/---
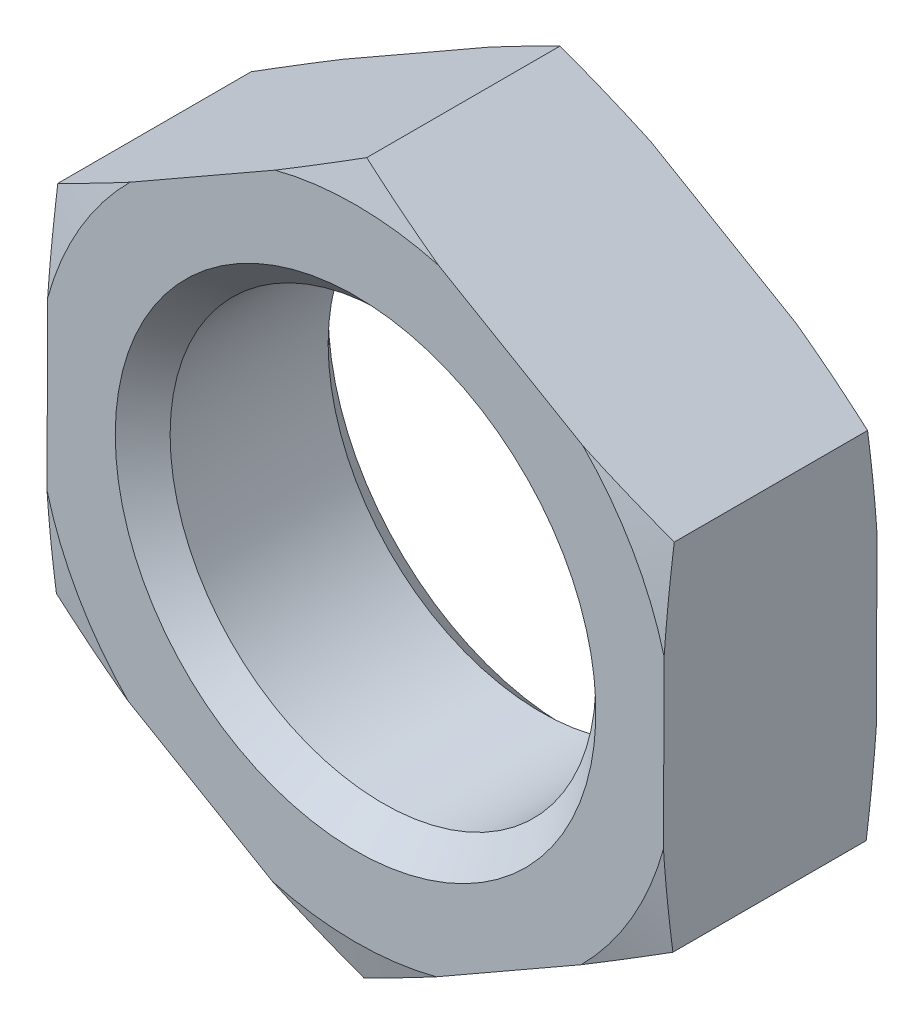
SolidWorks part; units mm, degrees
extrude "基体-拉伸" add sketch "草图1" along normal blind 8
sketch "草图1" plane through (0, 0, 0) normal (0, 0, 1) x (1, 0, 0)
  line L0 (-26.8088, 0) -> (37.1748, 0) construction
  line L1 (0, 25.0215) -> (0, -25.0215) construction
  line L3 (0.0526, 13.3749) -> (-11.5567, 6.733)
  line L4 (-11.5567, 6.733) -> (-11.6093, -6.6419)
  line L5 (-11.6093, -6.6419) -> (-0.0526, -13.3749)
  line L6 (-0.0526, -13.3749) -> (11.5567, -6.733)
  line L7 (11.5567, -6.733) -> (11.6093, 6.6419)
  line L8 (11.6093, 6.6419) -> (0.0526, 13.3749)
  circle A0 centre (0, 0) radius 11.5831 construction
  circle A1 centre (0, 0) radius 8
  dimension "D" = 16
  dimension "e" = 26.75
cosmetic thread "装饰螺纹线1"
chamfer "倒角1" distance 1.031 angle 45 2 edges at (8, 0, 0) (8, 0, 8)
ref_plane "基准面1" through (0, 0, 0) normal (0, 0, 1) x (1, 0, 0)
ref_plane "基准面2" through (0, 0, 0) normal (0, 1, 0) x (1, 0, 0)
ref_plane "基准面3" through (0, 0, 0) normal (1, 0, 0) x (0, 0, -1)
sketch "尺寸草图" plane through (0, 0, 0) normal (0, 0, 1) x (1, 0, 0)
  line L0 (0, 0) -> (24.1005, 0)
  line L1 (0, 0) -> (17.3, 0)
  line L2 (46.8781, 0) -> (69.3781, 0)
  line L3 (-15.2381, 0) -> (0, 0)
  point P3 (16, 0)
  point P4 (2.5, 0)
  point P5 (26.75, 0)
  point P6 (8, 0)
  point P7 (7.3, 0)
  point P8 (24, 0)
  dimension "D" = 16
  dimension "e" = 26.75
  dimension "P" = 2.5
  dimension "m" = 8
  dimension "mw" = 7.3
  dimension "s" = 24
  dimension "da" = 17.3
  dimension "dw" = 22.5
  dimension "D1" = 15.2381
sketch "草图2" plane through (0, 0, 0) normal (0, 0, -1) x (-1, 0, 0)
  circle A0 centre (0, 0) radius 12
  circle A1 centre (0, 0) radius 8 construction
  dimension "s" = 24
extrude "切除-拉伸1" cut sketch "草图2" against normal through all draft 75 flip side to cut
sketch "草图3" plane through (0, 0, 8) normal (0, 0, 1) x (1, 0, 0)
  circle A0 centre (0, 0) radius 12
  dimension "D1" = 24
extrude "切除-拉伸2" cut sketch "草图3" against normal through all draft 75 flip side to cut
equation "\"e@草图1\" = \"e@尺寸草图\""
equation "\"D1@尺寸草图\" = \"D@尺寸草图\" / 1.05"
equation "\"D@草图1\" = \"D@尺寸草图\""
equation "\"m@基体-拉伸\" = \"m@尺寸草图\""
equation "\"D1@草图3\" = \"s@尺寸草图\""
equation "\"s@草图2\" = \"s@尺寸草图\""
equation "\"D2@装饰螺纹线1\" = 1.05 * \"D1@尺寸草图\""
equation "\"D1@倒角1\" =  ( \"da@尺寸草图\" - \"D1@尺寸草图\" )  / 2"
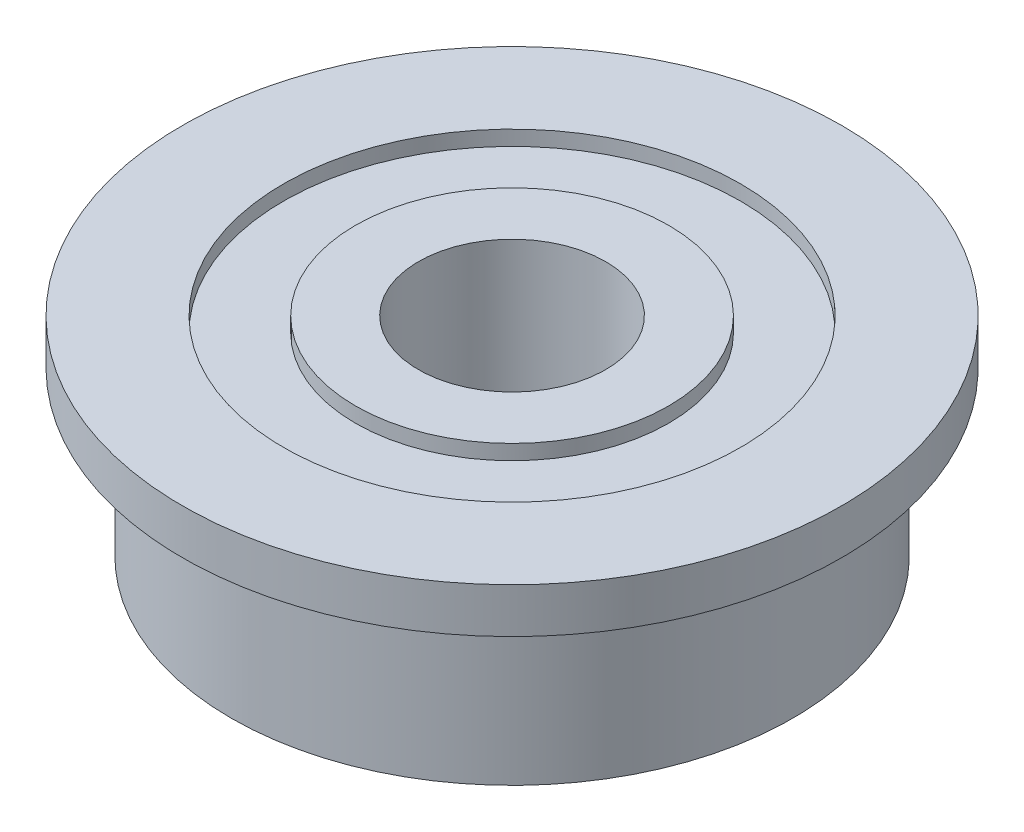
SolidWorks part; units mm, degrees
ref_plane "Front Plane" through (0, 0, 0) normal (0, 0, 1) x (1, 0, 0)
ref_plane "Top Plane" through (0, 0, 0) normal (0, 1, 0) x (1, 0, 0)
ref_plane "Right Plane" through (0, 0, 0) normal (1, 0, 0) x (0, 0, -1)
sketch "Sketch1" plane through (0, 0, 0) normal (0, 0, 1) x (1, 0, 0)
  line L0 (2.6543, 0) -> (2.6543, 0.254)
  line L1 (2.6543, 0.254) -> (3.8735, 0.254)
  line L2 (3.8735, 0.254) -> (3.8735, 0)
  line L3 (3.8735, 0) -> (4.7625, 0)
  line L4 (4.7625, 0) -> (4.7625, 2.7686)
  line L5 (4.7625, 2.7686) -> (5.588, 2.7686)
  line L6 (5.588, 2.7686) -> (5.588, 3.5306)
  line L7 (5.588, 3.5306) -> (3.8735, 3.5306)
  line L8 (3.8735, 3.5306) -> (3.8735, 3.2766)
  line L9 (3.8735, 3.2766) -> (2.6543, 3.2766)
  line L10 (2.6543, 3.2766) -> (2.6543, 3.5306)
  line L11 (2.6543, 3.5306) -> (1.5875, 3.5306)
  line L12 (1.5875, 3.5306) -> (1.5875, 0)
  line L13 (1.5875, 0) -> (2.6543, 0)
  line L14 (0, 3.5306) -> (0, 0) construction
revolve "Revolve1" add sketch "Sketch1" angle 360 about L14
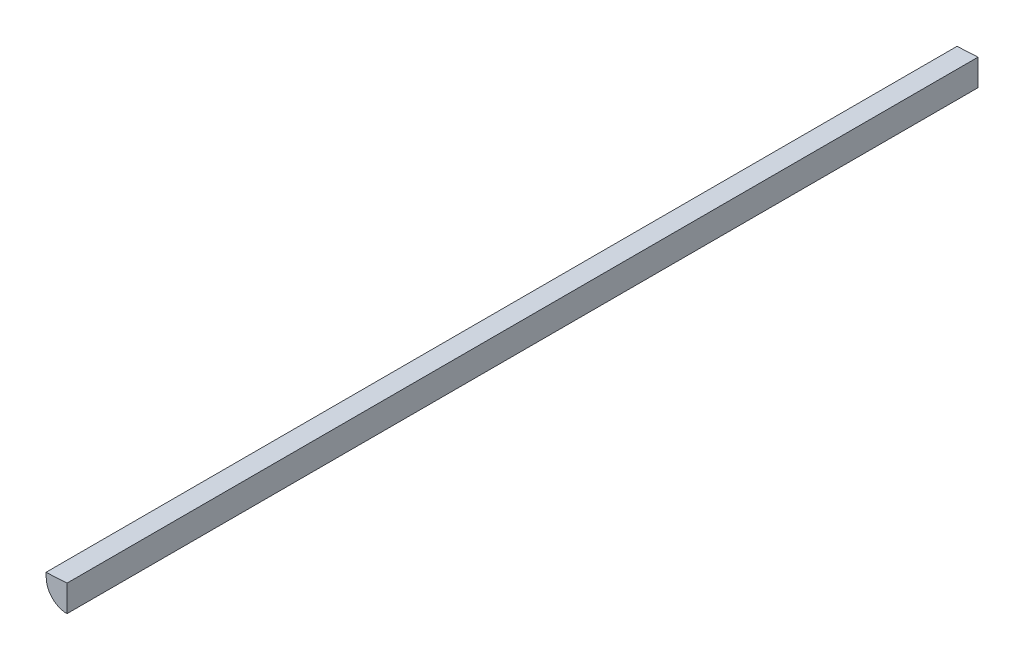
SolidWorks part; units mm, degrees
ref_plane "Front Plane" through (0, 0, 0) normal (0, 0, 1) x (1, 0, 0)
ref_plane "Top Plane" through (0, 0, 0) normal (0, 1, 0) x (1, 0, 0)
ref_plane "Right Plane" through (0, 0, 0) normal (1, 0, 0) x (0, 0, -1)
sketch "Sketch2" plane through (0, 0, 0) normal (0, 0, 1) x (1, 0, 0)
  line L0 (-12.4829, -0.6542) -> (0, -0.6542) construction
  line L2 (-12.4829, -0.6542) -> (0, 0) construction
  line L3 (0, 0) -> (0, -12.5)
  line L4 (0, -12.5) -> (18.0079, -12.5) construction
  line L5 (-13.5227, 19.1875) -> (-12.4829, -0.6542) construction
  line L6 (-12.4829, -0.6542) -> (-12.665, 2.821)
  line L7 (-12.665, 2.821) -> (0, 3.4848)
  line L8 (0, 3.4848) -> (0, 0)
  arc A0 (-12.4829, -0.6542) -> (0, -12.5) centre (0, 0) ccw
  dimension "D1" = 12.5
  dimension "D2" = 93
  dimension "D3" = 3.48
  dimension "D4" = 3
extrude "Boss-Extrude1" add sketch "Sketch2" along normal blind 550
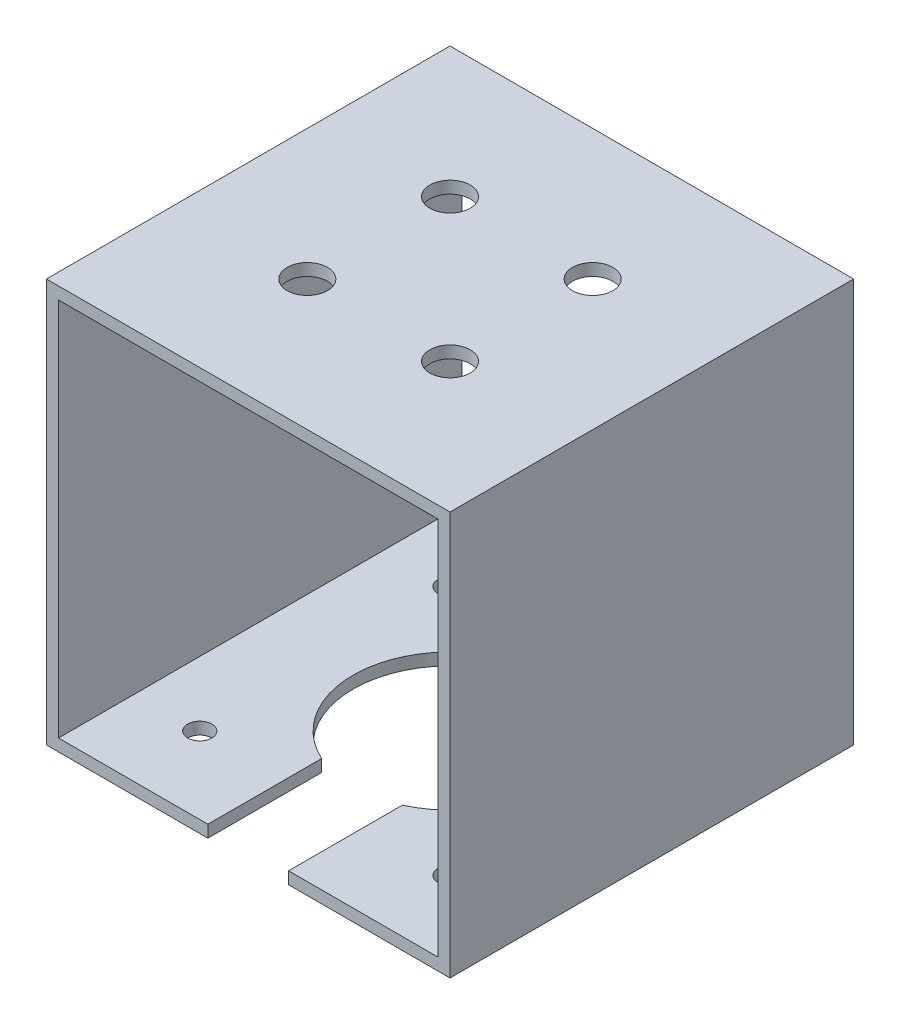
SolidWorks part; units mm, degrees
material "Liga 1060"
ref_plane "Plano frontal" through (0, 0, 0) normal (0, 0, 1) x (1, 0, 0)
ref_plane "Plano superior" through (0, 0, 0) normal (0, 1, 0) x (1, 0, 0)
ref_plane "Plano direito" through (0, 0, 0) normal (1, 0, 0) x (0, 0, -1)
sketch "Esboço1" plane through (0, 0, 0) normal (0, 0, 1) x (1, 0, 0)
  line L0 (25, -25) -> (25, 25)
  line L1 (23.5, -23.5) -> (-23.5, -23.5)
  line L2 (23.5, -23.5) -> (23.5, 23.5)
  line L3 (23.5, 23.5) -> (-23.5, 23.5)
  line L4 (-23.5, -23.5) -> (-23.5, 23.5)
  line L5 (23.5, -23.5) -> (-23.5, 23.5) construction
  line L6 (23.5, 23.5) -> (-23.5, -23.5) construction
  line L7 (25, 25) -> (-25, 25)
  line L8 (-25, -25) -> (-25, 25)
  line L9 (25, -25) -> (-25, -25)
  point P0 (0, 0)
  dimension "D1" = 50
  dimension "D2" = 50
  dimension "D3" = 47
extrude "Ressalto-extrusão1" add sketch "Esboço1" along normal blind 50
sketch "Esboço2" plane through (0, 25, 0) normal (0, 1, 0) x (1, 0, 0)
  line L0 (-25, -25) -> (25, -25) construction
  line L1 (-25, -50) -> (-25, 0) construction
  line L2 (25, -50) -> (25, 0) construction
  line L3 (0, 0) -> (0, -50) construction
  line L4 (25, 0) -> (-25, 0) construction
  line L5 (25, -50) -> (-25, -50) construction
  line L6 (0, -25) -> (17.6777, -7.3223) construction
  circle A0 centre (0, -25) radius 25
  circle A1 centre (8.8388, -16.1612) radius 2.5
  circle A2 centre (-8.8388, -16.1612) radius 2.5
  circle A3 centre (8.8388, -33.8388) radius 2.5
  circle A4 centre (-8.8388, -33.8388) radius 2.5
  dimension "D1" = 50
  dimension "D2" = 5
extrude "Corte-extrusão2" cut sketch "Esboço2" against normal blind 10 contours A2 | A1 | A4 | A3
sketch "Esboço3" plane through (0, -23.5, 0) normal (0, 1, 0) x (1, 0, 0)
  line L0 (0, 0) -> (0, -50) construction
  line L1 (-23.5, 0) -> (23.5, 0) construction
  line L2 (-23.5, -50) -> (23.5, -50) construction
  line L3 (0, -25) -> (23.5, -25) construction
  line L4 (23.5, -50) -> (23.5, 0) construction
  circle A0 centre (0, -25) radius 12
  dimension "D1" = 24
extrude "Corte-extrusão3" cut sketch "Esboço3" against normal blind 10
sketch "Esboço4" plane through (0, -25, 0) normal (0, -1, 0) x (1, 0, 0)
  circle A0 centre (15.5, 40.5) radius 1.5 construction
  circle A1 centre (15.5, 9.5) radius 1.5 construction
  circle A2 centre (-15.5, 40.5) radius 1.5 construction
  circle A3 centre (-15.5, 9.5) radius 1.5 construction
  circle A4 centre (15.5, 40.5) radius 1.5
  circle A5 centre (15.5, 9.5) radius 1.5
  circle A6 centre (-15.5, 40.5) radius 1.5
  circle A7 centre (-15.5, 9.5) radius 1.5
extrude "Corte-extrusão5" cut sketch "Esboço4" against normal blind 10
sketch "Esboço5" plane through (0, -25, 0) normal (0, -1, 0) x (1, 0, 0)
  line L0 (-25, 50) -> (25, 50) construction
  line L1 (-5, 68.4151) -> (5, 68.4151)
  line L2 (-5, 68.4151) -> (-5, 31.5849)
  line L3 (-5, 31.5849) -> (5, 31.5849)
  line L4 (5, 68.4151) -> (5, 31.5849)
  line L5 (-5, 68.4151) -> (5, 31.5849) construction
  line L6 (-5, 31.5849) -> (5, 68.4151) construction
  point P0 (0, 50)
  dimension "D1" = 10
extrude "Corte-extrusão6" cut sketch "Esboço5" against normal blind 10
\---
__THE TASK__
Please say how many lines above contain "尺寸草图", number only.

__ANSWER TO THIS EXERCISE__
9